# You will never guess who I am riding!



## kamibear11 (Jul 7, 2010)

beautiful draft!!


----------



## RedTree (Jan 20, 2010)

ohh wow you are lucky, jealous haha


----------



## eventnwithwinston (Feb 15, 2009)

I'm not one to usually like drafts.. but he is gorgeous!!


----------



## ShutUpJoe (Nov 10, 2009)

She's stunning!


----------



## drafts4ever (Sep 1, 2009)

You posted pictures yay!!! 

I do agree your second ride was more productive with her. Glad you are having fun with her! It really helps me out so I can focus on Legacy and not feel like I'm leaving out Caleigh. Thank you!

Haha Spinner and his licking obsession. It looks like it was putting Caleigh to sleep.


----------



## NordicJuniper (Jun 9, 2009)

Thanks guys, she definitely is absolutely gorgeous. Her movement is nice too, can't wait to do some dressage with her. She had her moments of attitude but her little tantrums are so cute!

And again thank you drafts4ever for this amazing opportunity. I am glad to be able to ride with you and can't wait to do some shows :] Spinner is a goof ball, I have a funny picture of Faith doing her weird lip thing too lol.

She is the first draft I have ever ridden and I think I am in love lol. Going from small little skinny Arabs and Thoroughbreds to her has been crazy but awesome. I love it!


----------



## drafts4ever (Sep 1, 2009)

once you go draft it's weird to go back. I've jumped on Caleigh and then right onto Jazz and it was HUGE difference. 
I'll facebook you the show schedule for the schooling shows I so far plan on doing and if you want to ride her in any you're welcome to.


----------



## rocky pony (Oct 5, 2007)

That's so exciting! I'm jealous, she's such a pretty girl. It's awesome that the Forum has connected you guys so that this all could happen!


----------



## NordicJuniper (Jun 9, 2009)

Here are some pictures from my third ride on her :] I think we are getting better, what do you guys think?


----------



## A knack for horses (Jun 17, 2010)

I'm so jealous!!!!

I'm not an english rider, but may I ask what the strap around Caliegh's front legs are for in the 3rd ride pictures?


----------



## NordicJuniper (Jun 9, 2009)

I was instructed by the owner to try draw reins on her during this ride to see if it would help me out since she is so heavy on the bit.

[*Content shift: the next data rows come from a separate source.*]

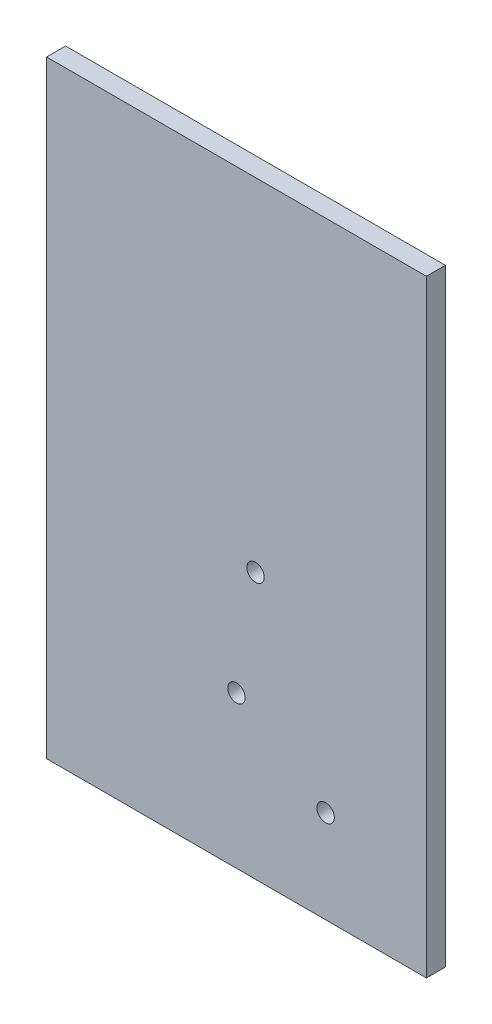
ISO-10303-21;
HEADER;
FILE_DESCRIPTION(('STEP AP214'),'2;1');
FILE_NAME('part.step','',(''),(''),'','','');
FILE_SCHEMA(('AUTOMOTIVE_DESIGN { 1 0 10303 214 1 1 1 1 }'));
ENDSEC;
DATA;
#1=APPLICATION_CONTEXT('core data for automotive mechanical design processes');
#2=APPLICATION_PROTOCOL_DEFINITION('international standard','automotive_design',2000,#1);
#3=PRODUCT_CONTEXT('',#1,'mechanical');
#4=PRODUCT('Part','Part','',(#3));
#5=PRODUCT_RELATED_PRODUCT_CATEGORY('part','',(#4));
#6=PRODUCT_DEFINITION_FORMATION('','',#4);
#7=PRODUCT_DEFINITION_CONTEXT('part definition',#1,'design');
#8=PRODUCT_DEFINITION('design','',#6,#7);
#9=PRODUCT_DEFINITION_SHAPE('','',#8);
#10=(LENGTH_UNIT() NAMED_UNIT(*) SI_UNIT(.MILLI.,.METRE.));
#11=(NAMED_UNIT(*) PLANE_ANGLE_UNIT() SI_UNIT($,.RADIAN.));
#12=(NAMED_UNIT(*) SI_UNIT($,.STERADIAN.) SOLID_ANGLE_UNIT());
#13=UNCERTAINTY_MEASURE_WITH_UNIT(LENGTH_MEASURE(1.E-05),#10,'distance_accuracy_value','');
#14=(GEOMETRIC_REPRESENTATION_CONTEXT(3) GLOBAL_UNCERTAINTY_ASSIGNED_CONTEXT((#13)) GLOBAL_UNIT_ASSIGNED_CONTEXT((#10,
#11,#12)) REPRESENTATION_CONTEXT('',''));
#15=CARTESIAN_POINT('',(0.,0.,0.));
#16=DIRECTION('',(0.,0.,1.));
#17=DIRECTION('',(1.,0.,0.));
#18=AXIS2_PLACEMENT_3D('',#15,#16,#17);
#19=CARTESIAN_POINT('',(62.8894230769231,0.,6.35));
#20=DIRECTION('',(1.,0.,0.));
#21=DIRECTION('',(0.,1.,0.));
#22=AXIS2_PLACEMENT_3D('',#19,#20,#21);
#23=PLANE('',#22);
#24=DIRECTION('',(0.,-1.,0.));
#25=VECTOR('',#24,1.);
#26=CARTESIAN_POINT('',(62.8894230769231,0.,0.));
#27=LINE('',#26,#25);
#28=CARTESIAN_POINT('',(62.8894230769231,38.8805866158279,0.));
#29=VERTEX_POINT('',#28);
#30=CARTESIAN_POINT('',(62.8894230769231,-164.319413384172,0.));
#31=VERTEX_POINT('',#30);
#32=EDGE_CURVE('E111',#29,#31,#27,.T.);
#33=ORIENTED_EDGE('',*,*,#32,.F.);
#34=DIRECTION('',(0.,0.,-1.));
#35=VECTOR('',#34,1.);
#36=CARTESIAN_POINT('',(62.8894230769231,38.8805866158279,6.35));
#37=LINE('',#36,#35);
#38=CARTESIAN_POINT('',(62.8894230769231,38.8805866158279,6.35));
#39=VERTEX_POINT('',#38);
#40=EDGE_CURVE('E11',#39,#29,#37,.T.);
#41=ORIENTED_EDGE('',*,*,#40,.F.);
#42=DIRECTION('',(0.,-1.,0.));
#43=VECTOR('',#42,1.);
#44=CARTESIAN_POINT('',(62.8894230769231,0.,6.35));
#45=LINE('',#44,#43);
#46=CARTESIAN_POINT('',(62.8894230769231,-164.319413384172,6.35));
#47=VERTEX_POINT('',#46);
#48=EDGE_CURVE('E95',#39,#47,#45,.T.);
#49=ORIENTED_EDGE('',*,*,#48,.T.);
#50=DIRECTION('',(0.,0.,-1.));
#51=VECTOR('',#50,1.);
#52=CARTESIAN_POINT('',(62.8894230769231,-164.319413384172,6.35));
#53=LINE('',#52,#51);
#54=EDGE_CURVE('E73',#47,#31,#53,.T.);
#55=ORIENTED_EDGE('',*,*,#54,.T.);
#56=EDGE_LOOP('',(#33,#41,#49,#55));
#57=FACE_BOUND('',#56,.T.);
#58=ADVANCED_FACE('F33',(#57),#23,.T.);
#59=CARTESIAN_POINT('',(0.,38.8805866158279,6.35));
#60=DIRECTION('',(0.,1.,0.));
#61=DIRECTION('',(0.,0.,1.));
#62=AXIS2_PLACEMENT_3D('',#59,#60,#61);
#63=PLANE('',#62);
#64=DIRECTION('',(1.,0.,0.));
#65=VECTOR('',#64,1.);
#66=CARTESIAN_POINT('',(0.,38.8805866158279,0.));
#67=LINE('',#66,#65);
#68=CARTESIAN_POINT('',(-64.1105769230769,38.8805866158279,0.));
#69=VERTEX_POINT('',#68);
#70=EDGE_CURVE('E85',#69,#29,#67,.T.);
#71=ORIENTED_EDGE('',*,*,#70,.F.);
#72=DIRECTION('',(0.,0.,-1.));
#73=VECTOR('',#72,1.);
#74=CARTESIAN_POINT('',(-64.1105769230769,38.8805866158279,6.35));
#75=LINE('',#74,#73);
#76=CARTESIAN_POINT('',(-64.1105769230769,38.8805866158279,6.35));
#77=VERTEX_POINT('',#76);
#78=EDGE_CURVE('E42',#77,#69,#75,.T.);
#79=ORIENTED_EDGE('',*,*,#78,.F.);
#80=DIRECTION('',(1.,0.,0.));
#81=VECTOR('',#80,1.);
#82=CARTESIAN_POINT('',(0.,38.8805866158279,6.35));
#83=LINE('',#82,#81);
#84=EDGE_CURVE('E83',#77,#39,#83,.T.);
#85=ORIENTED_EDGE('',*,*,#84,.T.);
#86=ORIENTED_EDGE('',*,*,#40,.T.);
#87=EDGE_LOOP('',(#71,#79,#85,#86));
#88=FACE_BOUND('',#87,.T.);
#89=ADVANCED_FACE('F81',(#88),#63,.T.);
#90=CARTESIAN_POINT('',(-64.1105769230769,0.,6.35));
#91=DIRECTION('',(1.,0.,0.));
#92=DIRECTION('',(0.,1.,0.));
#93=AXIS2_PLACEMENT_3D('',#90,#91,#92);
#94=PLANE('',#93);
#95=DIRECTION('',(0.,-1.,0.));
#96=VECTOR('',#95,1.);
#97=CARTESIAN_POINT('',(-64.1105769230769,0.,0.));
#98=LINE('',#97,#96);
#99=CARTESIAN_POINT('',(-64.1105769230769,-164.319413384172,0.));
#100=VERTEX_POINT('',#99);
#101=EDGE_CURVE('E114',#69,#100,#98,.T.);
#102=ORIENTED_EDGE('',*,*,#101,.T.);
#103=DIRECTION('',(0.,0.,-1.));
#104=VECTOR('',#103,1.);
#105=CARTESIAN_POINT('',(-64.1105769230769,-164.319413384172,6.35));
#106=LINE('',#105,#104);
#107=CARTESIAN_POINT('',(-64.1105769230769,-164.319413384172,6.35));
#108=VERTEX_POINT('',#107);
#109=EDGE_CURVE('E88',#108,#100,#106,.T.);
#110=ORIENTED_EDGE('',*,*,#109,.F.);
#111=DIRECTION('',(0.,-1.,0.));
#112=VECTOR('',#111,1.);
#113=CARTESIAN_POINT('',(-64.1105769230769,0.,6.35));
#114=LINE('',#113,#112);
#115=EDGE_CURVE('E90',#77,#108,#114,.T.);
#116=ORIENTED_EDGE('',*,*,#115,.F.);
#117=ORIENTED_EDGE('',*,*,#78,.T.);
#118=EDGE_LOOP('',(#102,#110,#116,#117));
#119=FACE_BOUND('',#118,.T.);
#120=ADVANCED_FACE('F91',(#119),#94,.F.);
#121=CARTESIAN_POINT('',(5.73942307692311,-75.4194133841721,6.35));
#122=DIRECTION('',(0.,0.,-1.));
#123=DIRECTION('',(-1.,0.,0.));
#124=AXIS2_PLACEMENT_3D('',#121,#122,#123);
#125=CYLINDRICAL_SURFACE('',#124,2.921);
#126=CARTESIAN_POINT('',(5.73942307692311,-75.4194133841721,6.35));
#127=DIRECTION('',(0.,0.,1.));
#128=DIRECTION('',(1.,0.,0.));
#129=AXIS2_PLACEMENT_3D('',#126,#127,#128);
#130=CIRCLE('',#129,2.921);
#131=CARTESIAN_POINT('',(8.66042307692311,-75.4194133841721,6.35));
#132=VERTEX_POINT('',#131);
#133=EDGE_CURVE('E102',#132,#132,#130,.T.);
#134=ORIENTED_EDGE('',*,*,#133,.T.);
#135=EDGE_LOOP('',(#134));
#136=FACE_BOUND('',#135,.T.);
#137=CARTESIAN_POINT('',(5.73942307692311,-75.4194133841721,0.));
#138=DIRECTION('',(0.,0.,1.));
#139=DIRECTION('',(1.,0.,0.));
#140=AXIS2_PLACEMENT_3D('',#137,#138,#139);
#141=CIRCLE('',#140,2.921);
#142=CARTESIAN_POINT('',(8.66042307692311,-75.4194133841721,0.));
#143=VERTEX_POINT('',#142);
#144=EDGE_CURVE('E117',#143,#143,#141,.T.);
#145=ORIENTED_EDGE('',*,*,#144,.F.);
#146=EDGE_LOOP('',(#145));
#147=FACE_BOUND('',#146,.T.);
#148=ADVANCED_FACE('F136',(#136,#147),#125,.F.);
#149=CARTESIAN_POINT('',(0.,-164.319413384172,6.35));
#150=DIRECTION('',(0.,1.,0.));
#151=DIRECTION('',(0.,0.,1.));
#152=AXIS2_PLACEMENT_3D('',#149,#150,#151);
#153=PLANE('',#152);
#154=DIRECTION('',(1.,0.,0.));
#155=VECTOR('',#154,1.);
#156=CARTESIAN_POINT('',(0.,-164.319413384172,0.));
#157=LINE('',#156,#155);
#158=EDGE_CURVE('E66',#100,#31,#157,.T.);
#159=ORIENTED_EDGE('',*,*,#158,.T.);
#160=ORIENTED_EDGE('',*,*,#54,.F.);
#161=DIRECTION('',(1.,0.,0.));
#162=VECTOR('',#161,1.);
#163=CARTESIAN_POINT('',(0.,-164.319413384172,6.35));
#164=LINE('',#163,#162);
#165=EDGE_CURVE('E50',#108,#47,#164,.T.);
#166=ORIENTED_EDGE('',*,*,#165,.F.);
#167=ORIENTED_EDGE('',*,*,#109,.T.);
#168=EDGE_LOOP('',(#159,#160,#166,#167));
#169=FACE_BOUND('',#168,.T.);
#170=ADVANCED_FACE('F125',(#169),#153,.F.);
#171=CARTESIAN_POINT('',(-0.610576923076887,-113.519413384172,6.35));
#172=DIRECTION('',(0.,0.,-1.));
#173=DIRECTION('',(-1.,0.,0.));
#174=AXIS2_PLACEMENT_3D('',#171,#172,#173);
#175=CYLINDRICAL_SURFACE('',#174,2.921);
#176=CARTESIAN_POINT('',(-0.610576923076887,-113.519413384172,6.35));
#177=DIRECTION('',(0.,0.,1.));
#178=DIRECTION('',(1.,0.,0.));
#179=AXIS2_PLACEMENT_3D('',#176,#177,#178);
#180=CIRCLE('',#179,2.921);
#181=CARTESIAN_POINT('',(2.31042307692311,-113.519413384172,6.35));
#182=VERTEX_POINT('',#181);
#183=EDGE_CURVE('E97',#182,#182,#180,.T.);
#184=ORIENTED_EDGE('',*,*,#183,.T.);
#185=EDGE_LOOP('',(#184));
#186=FACE_BOUND('',#185,.T.);
#187=CARTESIAN_POINT('',(-0.610576923076887,-113.519413384172,0.));
#188=DIRECTION('',(0.,0.,1.));
#189=DIRECTION('',(1.,0.,0.));
#190=AXIS2_PLACEMENT_3D('',#187,#188,#189);
#191=CIRCLE('',#190,2.921);
#192=CARTESIAN_POINT('',(2.31042307692311,-113.519413384172,0.));
#193=VERTEX_POINT('',#192);
#194=EDGE_CURVE('E108',#193,#193,#191,.T.);
#195=ORIENTED_EDGE('',*,*,#194,.F.);
#196=EDGE_LOOP('',(#195));
#197=FACE_BOUND('',#196,.T.);
#198=ADVANCED_FACE('F35',(#186,#197),#175,.F.);
#199=CARTESIAN_POINT('',(29.1820458886697,-133.308695889502,6.35));
#200=DIRECTION('',(0.,0.,-1.));
#201=DIRECTION('',(-1.,0.,0.));
#202=AXIS2_PLACEMENT_3D('',#199,#200,#201);
#203=CYLINDRICAL_SURFACE('',#202,2.921);
#204=CARTESIAN_POINT('',(29.1820458886697,-133.308695889502,6.35));
#205=DIRECTION('',(0.,0.,1.));
#206=DIRECTION('',(1.,0.,0.));
#207=AXIS2_PLACEMENT_3D('',#204,#205,#206);
#208=CIRCLE('',#207,2.921);
#209=CARTESIAN_POINT('',(32.1030458886697,-133.308695889502,6.35));
#210=VERTEX_POINT('',#209);
#211=EDGE_CURVE('E105',#210,#210,#208,.T.);
#212=ORIENTED_EDGE('',*,*,#211,.T.);
#213=EDGE_LOOP('',(#212));
#214=FACE_BOUND('',#213,.T.);
#215=CARTESIAN_POINT('',(29.1820458886697,-133.308695889502,0.));
#216=DIRECTION('',(0.,0.,1.));
#217=DIRECTION('',(1.,0.,0.));
#218=AXIS2_PLACEMENT_3D('',#215,#216,#217);
#219=CIRCLE('',#218,2.921);
#220=CARTESIAN_POINT('',(32.1030458886697,-133.308695889502,0.));
#221=VERTEX_POINT('',#220);
#222=EDGE_CURVE('E120',#221,#221,#219,.T.);
#223=ORIENTED_EDGE('',*,*,#222,.F.);
#224=EDGE_LOOP('',(#223));
#225=FACE_BOUND('',#224,.T.);
#226=ADVANCED_FACE('F142',(#214,#225),#203,.F.);
#227=CARTESIAN_POINT('',(0.,0.,6.35));
#228=DIRECTION('',(0.,0.,1.));
#229=DIRECTION('',(1.,0.,0.));
#230=AXIS2_PLACEMENT_3D('',#227,#228,#229);
#231=PLANE('',#230);
#232=ORIENTED_EDGE('',*,*,#183,.F.);
#233=EDGE_LOOP('',(#232));
#234=FACE_BOUND('',#233,.T.);
#235=ORIENTED_EDGE('',*,*,#48,.F.);
#236=ORIENTED_EDGE('',*,*,#84,.F.);
#237=ORIENTED_EDGE('',*,*,#115,.T.);
#238=ORIENTED_EDGE('',*,*,#165,.T.);
#239=EDGE_LOOP('',(#235,#236,#237,#238));
#240=FACE_BOUND('',#239,.T.);
#241=ORIENTED_EDGE('',*,*,#133,.F.);
#242=EDGE_LOOP('',(#241));
#243=FACE_BOUND('',#242,.T.);
#244=ORIENTED_EDGE('',*,*,#211,.F.);
#245=EDGE_LOOP('',(#244));
#246=FACE_BOUND('',#245,.T.);
#247=ADVANCED_FACE('F93',(#234,#240,#243,#246),#231,.T.);
#248=CARTESIAN_POINT('',(0.,0.,0.));
#249=DIRECTION('',(0.,0.,1.));
#250=DIRECTION('',(1.,0.,0.));
#251=AXIS2_PLACEMENT_3D('',#248,#249,#250);
#252=PLANE('',#251);
#253=ORIENTED_EDGE('',*,*,#194,.T.);
#254=EDGE_LOOP('',(#253));
#255=FACE_BOUND('',#254,.T.);
#256=ORIENTED_EDGE('',*,*,#32,.T.);
#257=ORIENTED_EDGE('',*,*,#158,.F.);
#258=ORIENTED_EDGE('',*,*,#101,.F.);
#259=ORIENTED_EDGE('',*,*,#70,.T.);
#260=EDGE_LOOP('',(#256,#257,#258,#259));
#261=FACE_BOUND('',#260,.T.);
#262=ORIENTED_EDGE('',*,*,#144,.T.);
#263=EDGE_LOOP('',(#262));
#264=FACE_BOUND('',#263,.T.);
#265=ORIENTED_EDGE('',*,*,#222,.T.);
#266=EDGE_LOOP('',(#265));
#267=FACE_BOUND('',#266,.T.);
#268=ADVANCED_FACE('F126',(#255,#261,#264,#267),#252,.F.);
#269=CLOSED_SHELL('',(#58,#89,#120,#148,#170,#198,#226,#247,#268));
#270=MANIFOLD_SOLID_BREP('B2',#269);
#271=ADVANCED_BREP_SHAPE_REPRESENTATION('',(#18,#270),#14);
#272=SHAPE_DEFINITION_REPRESENTATION(#9,#271);
ENDSEC;
END-ISO-10303-21;

Before a giant argument breaks out about how cruel I am I just wanted to state that I was merely trying them.

I am looking into other ideas on how to get her off the bit as well, just experimenting really. I don't think I will use the draw reins again because I am not experienced enough with them to use them as they should be used. I get to nervous using them to be truly effective.


----------



## drafts4ever (Sep 1, 2009)

They are very different to ride in. A day in draw reins will correct her for the rest of the next week or two. Once you get more used to her movement it's easier to get her on the bit without them. It's a good tool for her once in a while no matter how controversial it is. My trainer told me to try them and she's been riding for 30 years and couldn't get her in a headset with seat alone. Caleigh is a very big stubborn girl when she wants to be. Now that I know what to feel for it's a lot easier to get her on the bit without the draw reins.


----------



## equiniphile (Aug 16, 2009)

You lucky duck, it's a faraway dream to someday ride Caleigh! :lol:


----------



## drafteventer (Jul 6, 2009)

Aw lucky!
Shes a gorgeous horse!


----------



## A knack for horses (Jun 17, 2010)

NordicJuniper said:


> I was instructed by the owner to try draw reins on her during this ride to see if it would help me out since she is so heavy on the bit. Before a giant argument breaks out about how cruel I am I just wanted to state that I was merely trying them.
> 
> I am looking into other ideas on how to get her off the bit as well, just experimenting really. I don't think I will use the draw reins again because I am not experienced enough with them to use them as they should be used. I get to nervous using them to be truly effective.


Oh, I see. Well, I don't know enough about them to knock you for using them (I just found out what they were :lol

You're so lucky for getting to ride Caliegh!


----------



## KennyRogersPaints (Jan 9, 2011)

Very pretty! Drafts arent really my thing, but i have to say this horse is beautiful!


----------



## farmpony84 (Apr 21, 2008)

she has such a kind face.


----------



## wren (Dec 13, 2009)

tools used for the right purpose in the right hands are just that...tools, not torture devices. Don't worry about controversy.

OTH, She is BEAUTIFUL! How tall is she?


----------



## flytobecat (Mar 28, 2010)

Thats awesome!


----------



## drafts4ever (Sep 1, 2009)

She is 17.3 she is a bit on the thin side right now so I'm bulking her back up and Nordic rider is working her for me so I can focus on legacy! If it doesn't snow this weekend we are taking the girls to a show. Fingers crossed the weather cooperates!


----------



## NordicJuniper (Jun 9, 2009)

I agree that tools in the right hands are just tools :] I wouldn't say that I would never use draw reins again but I am gonna have a hard time getting used to them. They are very different to ride in. She gets better and better with each ride so I am sure with lots of work on getting to know each other things will go well with just my seat and reins :] We shall see.

I am extremely lucky to be riding her, it is a great opportunity and I advise anyone that gets an opportunity to ride a draft to do it. It is so much different, but really fun!


----------



## FGRanch (Feb 9, 2008)

You guys look great together! She really is a stunning horse!


----------



## Pepita (Dec 28, 2010)

YOU are lucky!!!
Very nice, gorgeous horse


----------